Home Drug Guide Moxidectin

Drug Guide

Generic Name

Moxidectin

Brand Names

Classification

Therapeutic: Antiparasitic agent

Pharmacological: macrocyclic lactone

FDA Approved Indications

Treatment of onchocerciasis (river blindness) in adults and children over 12 years of age

Mechanism of Action

Moxidectin binds to invertebrate glutamate-gated chloride channels, causing increased permeability to chloride ions, leading to hyperpolarization of nerve or muscle cells, resulting in paralysis and death of the parasite.

Dosage and Administration

Adult: Single oral dose of 8-8.6 mg, as per specific product instructions.

Pediatric: Not FDA approved for children under 12; use in pediatric populations not well established.

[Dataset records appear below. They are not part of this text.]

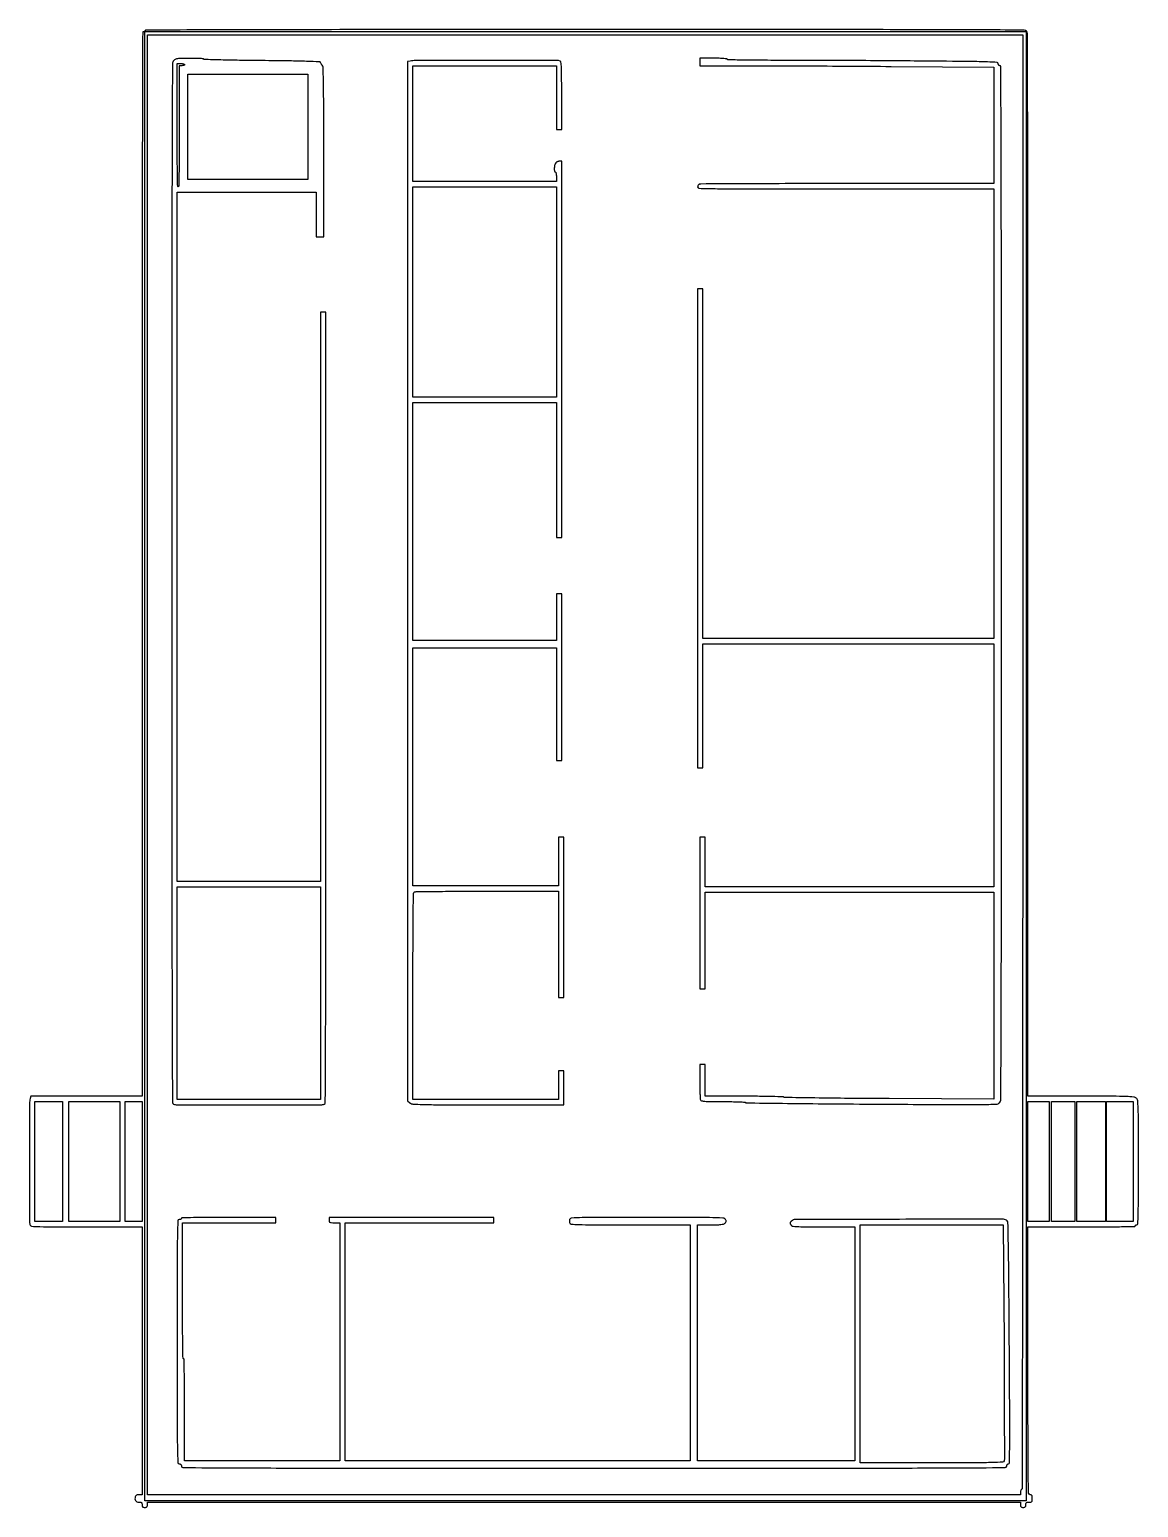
# Model space of a CAD drawing. Extents: x 1434.1 to 1462.4, y 1901.3 to 1939.
import ezdxf

# ---------------------------------------------------------------- set-up
doc = ezdxf.new("R2010")
doc.units = 0
doc.header["$MEASUREMENT"] = 0
doc.layers.add('referencia', color=10, linetype='Continuous')

msp = doc.modelspace()

# ---------------------------------------------------------------- linework, layer by layer
for points in [[(1437.02, 1939.001, -0.148195), (1437.017, 1938.991, -0.098894), (1437.008, 1938.982, -0.082425), (1436.995, 1938.976, -0.064853), (1436.979, 1938.974, 0.413254), (1436.953, 1938.948, 0.000071), (1436.946, 1936.703, 0.000675), (1436.94, 1933.275, 0.000074), (1436.939, 1925.39), (1436.939, 1911.806), (1435.518, 1911.806), (1434.098, 1911.806), (1434.082, 1911.745, 0.065301), (1434.066, 1911.628, 0.000202), (1434.065, 1910.12, 0.000147), (1434.065, 1908.598, 0.09176), (1434.081, 1908.514, 0.294292), (1434.117, 1908.487, 0.007426), (1434.329, 1908.478, 0.006738), (1434.687, 1908.472, 0.000722), (1435.518, 1908.471), (1436.939, 1908.471), (1436.939, 1905.054), (1436.939, 1901.638), (1436.859, 1901.638, 0.042137), (1436.823, 1901.635, 0.079456), (1436.795, 1901.625, 0.097919), (1436.776, 1901.61, 0.097161), (1436.764, 1901.587, 0.082922), (1436.756, 1901.531, 0.146629), (1436.77, 1901.486, 0.151747), (1436.806, 1901.458, 0.090858), (1436.86, 1901.448, -0.032661), (1436.902, 1901.445, -0.146549), (1436.924, 1901.435, -0.169032), (1436.935, 1901.416, -0.047121), (1436.939, 1901.38, 0.045527), (1436.942, 1901.346, 0.152009), (1436.952, 1901.326, 0.152009), (1436.972, 1901.316, 0.045527), (1437.006, 1901.312, 0.045527), (1437.041, 1901.316, 0.152009), (1437.061, 1901.326, 0.152009), (1437.071, 1901.346, 0.045527), (1437.074, 1901.38), (1437.074, 1901.448), (1448.218, 1901.448), (1459.362, 1901.448), (1459.362, 1901.38, 0.045527), (1459.365, 1901.346, 0.152009), (1459.376, 1901.326, 0.152009), (1459.396, 1901.316, 0.045527), (1459.43, 1901.312, 0.045527), (1459.464, 1901.316, 0.152009), (1459.484, 1901.326, 0.152009), (1459.495, 1901.346, 0.045527), (1459.498, 1901.38, -0.047675), (1459.501, 1901.416, -0.173074), (1459.513, 1901.436, -0.144586), (1459.535, 1901.445, -0.030103), (1459.579, 1901.448, 0.032088), (1459.626, 1901.451, 0.185552), (1459.648, 1901.463, 0.157079), (1459.658, 1901.487, 0.021354), (1459.661, 1901.543, 0.022514), (1459.658, 1901.592, 0.10769), (1459.65, 1901.619, 0.177212), (1459.634, 1901.633, 0.087745), (1459.606, 1901.638, -0.404594), (1459.569, 1901.674, -0.004271), (1459.559, 1902.072, -0.003766), (1459.553, 1902.787, -0.000202), (1459.552, 1905.054), (1459.552, 1908.471), (1460.921, 1908.471, 0.001334), (1461.518, 1908.472, 0.003616), (1461.942, 1908.478, 0.000722), (1462.278, 1908.485, 0.407584), (1462.291, 1908.498, -0.148195), (1462.294, 1908.508, -0.098894), (1462.303, 1908.517, -0.082425), (1462.316, 1908.523, -0.064853), (1462.331, 1908.525, 0.401258), (1462.356, 1908.549, 0.00473), (1462.365, 1908.797, 0.005716), (1462.371, 1909.205, 0.000663), (1462.372, 1910.119, 0.000491), (1462.371, 1911.156, 0.007818), (1462.365, 1911.508, 0.017945), (1462.352, 1911.693, 0.191722), (1462.317, 1911.759, 0.156911), (1462.25, 1911.787, 0.013107), (1462.06, 1911.798, 0.00754), (1461.723, 1911.805, 0.000737), (1460.908, 1911.806), (1459.552, 1911.806), (1459.552, 1925.378, 0.00008), (1459.551, 1933.03, 0.000632), (1459.545, 1936.569, 0.000077), (1459.538, 1938.93, 0.198093), (1459.513, 1938.99, 0.197902), (1459.454, 1939.015, 0.000112), (1457.503, 1939.022, 0.000763), (1454.572, 1939.027, 0.000097), (1448.247, 1939.029, 0.000156), (1443.283, 1939.027, 0.000448), (1439.834, 1939.022, 0.000012), (1437.034, 1939.015, 0.413493)], [(1459.417, 1920.333, -0.000094), (1459.415, 1912.121, -0.000271), (1459.41, 1906.42, -0.000004), (1459.403, 1901.787, -0.413781), (1459.389, 1901.773, 0.226478), (1459.379, 1901.768, 0.074992), (1459.37, 1901.753, 0.057076), (1459.364, 1901.732, 0.038131), (1459.362, 1901.706), (1459.362, 1901.638), (1448.218, 1901.638), (1437.074, 1901.638), (1437.074, 1920.265), (1437.074, 1938.893), (1448.245, 1938.893), (1459.417, 1938.893)], [(1437.745, 1938.24, 0.185977), (1437.712, 1938.155, 0.000228), (1437.705, 1936.284, 0.000828), (1437.699, 1933.232, 0.000062), (1437.698, 1924.905, 0.00007), (1437.699, 1916.977, 0.000736), (1437.705, 1913.728, 0.000103), (1437.712, 1911.647, 0.309543), (1437.741, 1911.605, 0.091756), (1437.826, 1911.59, 0.000102), (1439.664, 1911.589, 0.000102), (1441.502, 1911.59, 0.091756), (1441.587, 1911.605, 0.309183), (1441.615, 1911.647, 0.000177), (1441.623, 1913.224, 0.000967), (1441.628, 1915.697, 0.000093), (1441.629, 1921.719), (1441.629, 1931.816), (1441.562, 1931.816), (1441.494, 1931.816), (1441.494, 1924.549), (1441.494, 1917.283), (1439.664, 1917.283), (1437.833, 1917.283), (1437.833, 1926.081), (1437.833, 1934.88), (1439.609, 1934.88), (1441.385, 1934.88), (1441.385, 1934.311), (1441.385, 1933.741), (1441.48, 1933.741), (1441.575, 1933.741), (1441.575, 1935.912, 0.000547), (1441.574, 1937.106, 0.003781), (1441.568, 1937.692, 0.002409), (1441.56, 1938.068, 0.191919), (1441.537, 1938.122, -0.023099), (1441.522, 1938.139, -0.019837), (1441.507, 1938.158, -0.020304), (1441.495, 1938.176, -0.05273), (1441.489, 1938.19, 0.313211), (1441.467, 1938.206, 0.001157), (1441.137, 1938.217, 0.00398), (1440.693, 1938.227, 0.001101), (1439.995, 1938.236, -0.001453), (1439.426, 1938.243, -0.002423), (1438.947, 1938.253, -0.000237), (1438.521, 1938.264, -0.406496), (1438.511, 1938.273, 0.39284), (1438.503, 1938.283, 0.003956), (1438.406, 1938.289, 0.009993), (1438.29, 1938.293, 0.006005), (1438.152, 1938.294, 0.003879), (1437.945, 1938.291, 0.027694), (1437.845, 1938.284, 0.061542), (1437.786, 1938.268, 0.113587)], [(1443.778, 1938.223), (1443.717, 1938.211), (1443.717, 1924.951), (1443.717, 1911.69), (1443.776, 1911.639, 0.16306), (1443.853, 1911.607, 0.010626), (1444.099, 1911.596, 0.005909), (1444.547, 1911.59, 0.000441), (1445.769, 1911.589), (1447.703, 1911.589), (1447.703, 1912.023), (1447.703, 1912.456), (1447.635, 1912.456), (1447.568, 1912.456), (1447.568, 1912.09), (1447.568, 1911.724), (1445.71, 1911.724), (1443.853, 1911.724), (1443.853, 1914.365, -0.00037), (1443.854, 1915.926, -0.003665), (1443.86, 1916.582, -0.002392), (1443.868, 1916.983, -0.303506), (1443.896, 1917.022, -0.089414), (1443.931, 1917.029, -0.00021), (1444.459, 1917.034, -0.001366), (1445.054, 1917.038, -0.000849), (1445.753, 1917.039), (1447.568, 1917.039), (1447.568, 1915.683), (1447.568, 1914.327), (1447.635, 1914.327), (1447.703, 1914.327), (1447.703, 1916.374), (1447.703, 1918.422), (1447.635, 1918.422), (1447.568, 1918.422), (1447.568, 1917.798), (1447.568, 1917.174), (1445.71, 1917.174), (1443.853, 1917.174), (1443.853, 1920.211), (1443.853, 1923.248), (1445.683, 1923.248), (1447.513, 1923.248), (1447.513, 1921.811), (1447.513, 1920.374), (1447.581, 1920.374), (1447.649, 1920.374), (1447.649, 1922.502), (1447.649, 1924.631), (1447.581, 1924.631), (1447.513, 1924.631), (1447.513, 1924.034), (1447.513, 1923.438), (1445.683, 1923.438), (1443.853, 1923.438), (1443.853, 1926.475), (1443.853, 1929.511), (1445.683, 1929.511), (1447.513, 1929.511), (1447.513, 1927.79), (1447.513, 1926.068), (1447.581, 1926.068), (1447.649, 1926.068), (1447.649, 1930.867), (1447.649, 1935.666), (1447.593, 1935.666, 0.058019), (1447.568, 1935.664, 0.038947), (1447.542, 1935.655, 0.039072), (1447.517, 1935.642, 0.06049), (1447.498, 1935.628, 0.142768), (1447.471, 1935.579, 0.042076), (1447.46, 1935.495, 0.041652), (1447.463, 1935.416, 0.380474), (1447.486, 1935.395, -0.31052), (1447.497, 1935.388, -0.036969), (1447.505, 1935.359, -0.033738), (1447.511, 1935.32, -0.020945), (1447.513, 1935.273), (1447.513, 1935.151), (1445.683, 1935.151), (1443.853, 1935.151), (1443.853, 1936.629), (1443.853, 1938.107), (1445.683, 1938.107), (1447.513, 1938.107), (1447.513, 1937.293), (1447.513, 1936.48), (1447.581, 1936.48), (1447.649, 1936.48), (1447.649, 1937.345, 0.001266), (1447.648, 1937.843, 0.010892), (1447.642, 1938.066, 0.016926), (1447.631, 1938.193, 0.278928), (1447.606, 1938.226, 0.091958), (1447.533, 1938.239, 0.000077), (1445.71, 1938.238, 0.000145), (1443.918, 1938.236, 0.047285)], [(1451.174, 1938.202), (1451.174, 1938.107), (1452.306, 1938.107, -0.000946), (1452.911, 1938.105, -0.000251), (1453.876, 1938.101, -0.000255), (1454.974, 1938.096, -0.000262), (1456.061, 1938.089), (1458.684, 1938.071), (1458.684, 1936.584), (1458.684, 1935.097), (1454.945, 1935.097, 0.000412), (1453.508, 1935.096, 0.000676), (1452.291, 1935.092, 0.000051), (1451.198, 1935.087, 0.09071), (1451.162, 1935.081, 0.093632), (1451.146, 1935.07, 0.066804), (1451.132, 1935.054, 0.064844), (1451.123, 1935.034, 0.076427), (1451.12, 1935.013, 0.407066), (1451.154, 1934.977, 0.002724), (1451.626, 1934.968, 0.003196), (1452.449, 1934.962, 0.000196), (1454.902, 1934.961), (1458.684, 1934.961), (1458.684, 1929.227), (1458.684, 1923.492), (1454.97, 1923.492), (1451.255, 1923.492), (1451.255, 1927.952), (1451.255, 1932.413), (1451.187, 1932.413), (1451.12, 1932.413), (1451.12, 1926.298), (1451.12, 1920.184), (1451.187, 1920.184), (1451.255, 1920.184), (1451.255, 1921.77), (1451.255, 1923.356), (1454.97, 1923.356), (1458.684, 1923.356), (1458.684, 1920.252), (1458.684, 1917.147), (1454.997, 1917.147), (1451.309, 1917.147), (1451.309, 1917.784), (1451.309, 1918.422), (1451.242, 1918.422), (1451.174, 1918.422), (1451.174, 1916.483), (1451.174, 1914.544), (1451.242, 1914.544), (1451.309, 1914.544), (1451.309, 1915.778), (1451.309, 1917.012), (1454.997, 1917.012), (1458.684, 1917.012), (1458.684, 1914.371), (1458.684, 1911.73), (1456.007, 1911.745, -0.000815), (1454.98, 1911.752, -0.001352), (1454.113, 1911.762, -0.000079), (1453.334, 1911.773, -0.305732), (1453.32, 1911.782, 0.302739), (1453.307, 1911.792, 0.000557), (1453.02, 1911.799, 0.003591), (1452.695, 1911.804, 0.002183), (1452.31, 1911.806), (1451.309, 1911.806), (1451.309, 1912.212), (1451.309, 1912.619), (1451.242, 1912.619), (1451.174, 1912.619), (1451.174, 1912.188, 0.003547), (1451.175, 1912.019, 0.005121), (1451.179, 1911.87, 0.002768), (1451.184, 1911.744, 0.080338), (1451.19, 1911.713, 0.257256), (1451.219, 1911.689, 0.030951), (1451.303, 1911.678, 0.016256), (1451.453, 1911.672, 0.002106), (1451.773, 1911.67, -0.003752), (1451.99, 1911.669, -0.006252), (1452.173, 1911.663, -0.001566), (1452.331, 1911.657, -0.400722), (1452.34, 1911.647, 0.41038), (1452.349, 1911.638, 0.000049), (1453.285, 1911.626, 0.001102), (1454.323, 1911.615, 0.000661), (1455.557, 1911.606, 0.000223), (1457.68, 1911.594, 0.003928), (1458.368, 1911.596, 0.005806), (1458.745, 1911.605, 0.199278), (1458.824, 1911.641, 0.188442), (1458.86, 1911.731, 0.0003), (1458.867, 1913.483, 0.000891), (1458.873, 1916.398, 0.000057), (1458.874, 1924.901, 0.000076), (1458.873, 1932.566, 0.000694), (1458.867, 1935.899, 0.000075), (1458.86, 1938.08, 0.413224), (1458.834, 1938.107, -0.12161), (1458.818, 1938.11, -0.100744), (1458.805, 1938.121, -0.091432), (1458.796, 1938.137, -0.080271), (1458.793, 1938.156, 0.394359), (1458.762, 1938.189, 0.008299), (1458.521, 1938.202, 0.006016), (1458.084, 1938.212, 0.000421), (1456.861, 1938.224, 0.000605), (1456.01, 1938.231, 0.00042), (1455.049, 1938.237, 0.000424), (1454.126, 1938.241, 0.000875), (1453.404, 1938.242, -0.001192), (1452.738, 1938.244, -0.003252), (1452.267, 1938.249, -0.000587), (1451.892, 1938.256, -0.408328), (1451.879, 1938.269, 0.382355), (1451.868, 1938.281, 0.008303), (1451.784, 1938.289, 0.0133), (1451.673, 1938.295, 0.005894), (1451.526, 1938.296), (1451.174, 1938.296)], [(1438.023, 1938.134, -0.226478), (1438.018, 1938.123, -0.074992), (1438.003, 1938.115, -0.057076), (1437.981, 1938.109, -0.038131), (1437.956, 1938.107), (1437.888, 1938.107), (1437.888, 1936.561, -0.001176), (1437.886, 1935.886, -0.00321), (1437.881, 1935.409, -0.000572), (1437.874, 1935.028, -0.408417), (1437.861, 1935.016, -0.408527), (1437.847, 1935.028, -0.000553), (1437.84, 1935.416, -0.003155), (1437.835, 1935.901, -0.001155), (1437.833, 1936.588), (1437.833, 1938.161), (1437.928, 1938.161, -0.027026), (1437.965, 1938.159, -0.042582), (1437.995, 1938.153, -0.052312), (1438.017, 1938.144, -0.277684)], [(1437.942, 1908.688, -0.191087), (1437.938, 1908.677, -0.088204), (1437.926, 1908.668, -0.068025), (1437.908, 1908.662, -0.048028), (1437.888, 1908.66, 0.403201), (1437.85, 1908.624, 0.005089), (1437.84, 1908.264, 0.004125), (1437.834, 1907.61, 0.000223), (1437.833, 1905.542, 0.000223), (1437.834, 1903.475, 0.004125), (1437.84, 1902.821, 0.005089), (1437.85, 1902.46, 0.403201), (1437.888, 1902.424, -0.072254), (1437.911, 1902.421, -0.124864), (1437.928, 1902.411, -0.124864), (1437.939, 1902.394, -0.072254), (1437.942, 1902.37, 0.412157), (1437.981, 1902.33, 0.00047), (1439.265, 1902.323, 0.001223), (1441.455, 1902.317, 0.000064), (1448.476, 1902.316, 0.000064), (1455.497, 1902.317, 0.001223), (1457.686, 1902.323, 0.00047), (1458.97, 1902.33, 0.412157), (1459.01, 1902.37, -0.071922), (1459.013, 1902.391, -0.096067), (1459.022, 1902.409, -0.108903), (1459.036, 1902.42, -0.117185), (1459.053, 1902.424, 0.409948), (1459.081, 1902.452, 0.001779), (1459.086, 1902.914, 0.003182), (1459.087, 1903.668, 0.000304), (1459.076, 1905.508, 0.000438), (1459.064, 1907.101, 0.002322), (1459.053, 1907.973, 0.000733), (1459.041, 1908.578, 0.193605), (1459.021, 1908.626, 0.198938), (1458.925, 1908.666, 0.000161), (1456.269, 1908.665, 0.000161), (1453.614, 1908.662, 0.198552), (1453.517, 1908.622, 0.020666), (1453.502, 1908.606, 0.024754), (1453.49, 1908.589, 0.024635), (1453.481, 1908.575, 0.126983), (1453.478, 1908.566, 0.126983), (1453.481, 1908.556, 0.024635), (1453.49, 1908.542, 0.024754), (1453.502, 1908.526, 0.020666), (1453.517, 1908.509, 0.173501), (1453.562, 1908.488, 0.012859), (1453.7, 1908.478, 0.009972), (1453.923, 1908.472, 0.00173), (1454.344, 1908.471), (1455.132, 1908.471), (1455.132, 1905.488), (1455.132, 1902.505), (1453.126, 1902.505), (1451.12, 1902.505), (1451.12, 1905.515), (1451.12, 1908.525), (1451.447, 1908.525, 0.005619), (1451.609, 1908.527, 0.020741), (1451.712, 1908.533, 0.030959), (1451.779, 1908.545, 0.139947), (1451.813, 1908.564, 0.034915), (1451.841, 1908.596, 0.162866), (1451.849, 1908.62, 0.162866), (1451.841, 1908.643, 0.034915), (1451.813, 1908.676, 0.190653), (1451.759, 1908.699, 0.003092), (1451.426, 1908.708, 0.004261), (1450.901, 1908.713, 0.000605), (1449.823, 1908.715, 0.000487), (1448.652, 1908.714, 0.005163), (1448.176, 1908.708, 0.004987), (1447.894, 1908.699, 0.298914), (1447.855, 1908.67, 0.055959), (1447.849, 1908.649, 0.032885), (1447.847, 1908.624, 0.032535), (1447.849, 1908.598, 0.047173), (1447.853, 1908.575, 0.303227), (1447.894, 1908.543, 0.013304), (1448.082, 1908.532, 0.007611), (1448.429, 1908.526, 0.000537), (1449.4, 1908.525), (1450.93, 1908.525), (1450.93, 1905.515), (1450.93, 1902.505), (1446.524, 1902.505), (1442.118, 1902.505), (1442.118, 1905.542), (1442.118, 1908.579), (1444.016, 1908.579), (1445.914, 1908.579), (1445.914, 1908.647), (1445.914, 1908.715), (1443.812, 1908.715), (1441.711, 1908.715), (1441.711, 1908.647, 0.063163), (1441.716, 1908.608, 0.217022), (1441.731, 1908.589, 0.105983), (1441.764, 1908.581, 0.010324), (1441.846, 1908.579), (1441.982, 1908.579), (1441.982, 1905.542), (1441.982, 1902.505), (1440.003, 1902.505), (1438.023, 1902.505), (1438.023, 1903.807, 0.001407), (1438.022, 1904.374, 0.003801), (1438.016, 1904.776, 0.000796), (1438.009, 1905.096, 0.407198), (1437.996, 1905.108, -0.40911), (1437.983, 1905.121, -0.000458), (1437.976, 1905.549, -0.002863), (1437.971, 1906.085, -0.001043), (1437.969, 1906.844), (1437.969, 1908.579), (1439.162, 1908.579), (1440.355, 1908.579), (1440.355, 1908.647), (1440.355, 1908.715), (1439.149, 1908.715, 0.001523), (1438.624, 1908.713, 0.004094), (1438.25, 1908.708, 0.000919), (1437.955, 1908.701, 0.406577)], [(1458.94, 1905.536, -0.000587), (1458.946, 1904.386, -0.000956), (1458.948, 1903.41, -0.0001), (1458.949, 1902.538, -0.09285), (1458.941, 1902.499, -0.29423), (1458.899, 1902.468, -0.007533), (1458.655, 1902.458, -0.005945), (1458.225, 1902.452, -0.000481), (1457.095, 1902.451), (1455.268, 1902.451), (1455.268, 1905.488), (1455.268, 1908.525), (1457.094, 1908.525), (1458.92, 1908.525)]]:
    msp.add_lwpolyline(points, format="xyb", close=True)
for points in [[(1441.169, 1936.548), (1441.169, 1935.205), (1439.637, 1935.205), (1438.105, 1935.205), (1438.105, 1936.548), (1438.105, 1937.89), (1439.637, 1937.89), (1441.169, 1937.89)], [(1447.513, 1932.331), (1447.513, 1929.647), (1445.683, 1929.647), (1443.853, 1929.647), (1443.853, 1932.331), (1443.853, 1935.016), (1445.683, 1935.016), (1447.513, 1935.016)], [(1441.494, 1914.436), (1441.494, 1911.724), (1439.664, 1911.724), (1437.833, 1911.724), (1437.833, 1914.436), (1437.833, 1917.147), (1439.664, 1917.147), (1441.494, 1917.147)], [(1434.905, 1910.138), (1434.905, 1908.606), (1434.553, 1908.606), (1434.2, 1908.606), (1434.2, 1910.138), (1434.2, 1911.67), (1434.553, 1911.67), (1434.905, 1911.67)], [(1436.369, 1910.138), (1436.369, 1908.606), (1435.719, 1908.606), (1435.068, 1908.606), (1435.068, 1910.138), (1435.068, 1911.67), (1435.719, 1911.67), (1436.369, 1911.67)], [(1436.939, 1910.138), (1436.939, 1908.606), (1436.722, 1908.606), (1436.505, 1908.606), (1436.505, 1910.138), (1436.505, 1911.67), (1436.722, 1911.67), (1436.939, 1911.67)], [(1460.094, 1910.138), (1460.094, 1908.606), (1459.823, 1908.606), (1459.552, 1908.606), (1459.552, 1910.138), (1459.552, 1911.67), (1459.823, 1911.67), (1460.094, 1911.67)], [(1460.745, 1910.138), (1460.745, 1908.606), (1460.447, 1908.606), (1460.149, 1908.606), (1460.149, 1910.138), (1460.149, 1911.67), (1460.447, 1911.67), (1460.745, 1911.67)], [(1461.531, 1910.138), (1461.531, 1908.606), (1461.165, 1908.606), (1460.799, 1908.606), (1460.799, 1910.138), (1460.799, 1911.67), (1461.165, 1911.67), (1461.531, 1911.67)], [(1462.236, 1910.138), (1462.236, 1908.606), (1461.897, 1908.606), (1461.559, 1908.606), (1461.559, 1910.138), (1461.559, 1911.67), (1461.897, 1911.67), (1462.236, 1911.67)]]:
    msp.add_lwpolyline(points, close=True)
at = {"layer": 'referencia', "linetype": 'ByBlock'}
msp.add_lwpolyline([(1437.008, 1938.982), (1459.508, 1938.982), (1459.508, 1901.482), (1437.008, 1901.482)], close=True, dxfattribs=at)

doc.saveas('drawing.dxf')

Geriatric: No specific adjustments recommended, but caution in patients with hepatic or renal impairment.

Renal Impairment: No specific dose adjustments; monitor patients closely.

Hepatic Impairment: No specific dose adjustments; use with caution, as hepatic function may affect drug metabolism.

Pharmacokinetics

Absorption: Well absorbed orally.

Distribution: Widely distributed in body tissues, including skin and fat.

Metabolism: Primarily metabolized in the liver.

Excretion: Excreted mainly in feces, with minimal urinary excretion.

Half Life: Approximately 16-31 days, supporting a once-only dose for treatment.

Contraindications

Hypersensitivity to moxidectin or other macrocyclic lactones.
Pregnancy and lactation: insufficient data; use with caution.

Precautions

Use with caution in patients with severe hepatic impairment.
Monitoring for adverse effects in pediatric populations.

Adverse Reactions - Common

Mild gastrointestinal symptoms (nausea, diarrhea) (Rare)

Adverse Reactions - Serious

Hypersensitivity reactions, including rash, swelling, difficulty breathing (Very rare)

Drug-Drug Interactions

May increase the risk of adverse effects when combined with other CNS depressants or medications affecting the blood-brain barrier.

Drug-Food Interactions

N/A

Drug-Herb Interactions

N/A

Nursing Implications

Assessment: Monitor for signs of allergic reactions, neurological symptoms, and gastrointestinal symptoms.

Diagnoses:

Risk for allergic reaction
Risk for neurological side effects

Implementation: Administer as a single oral dose with food or as directed. Educate patient on potential side effects.

Evaluation: Assess for clinical improvement and adverse effects, ensure patient understanding of medication purpose and side effects.

Patient/Family Teaching

Take medication exactly as prescribed.
Report any allergic reactions or neurological symptoms immediately.
Avoid driving or operating machinery if affected.
Complete the full course if multiple doses are prescribed, even if symptoms resolve.

Special Considerations

Black Box Warnings:

No black box warnings currently issued for moxidectin.

Genetic Factors: N/A

Lab Test Interference: N/A

Overdose Management

Signs/Symptoms: Potential neurological toxicity, such as ataxia, confusion, somnolence.

Treatment: Supportive care; no specific antidote. Consult poison control.

Storage and Handling

Storage: Store at room temperature, 20°C to 25°C (68°F to 77°F).

Stability: Stable for the duration of the shelf life as per manufacturer instructions.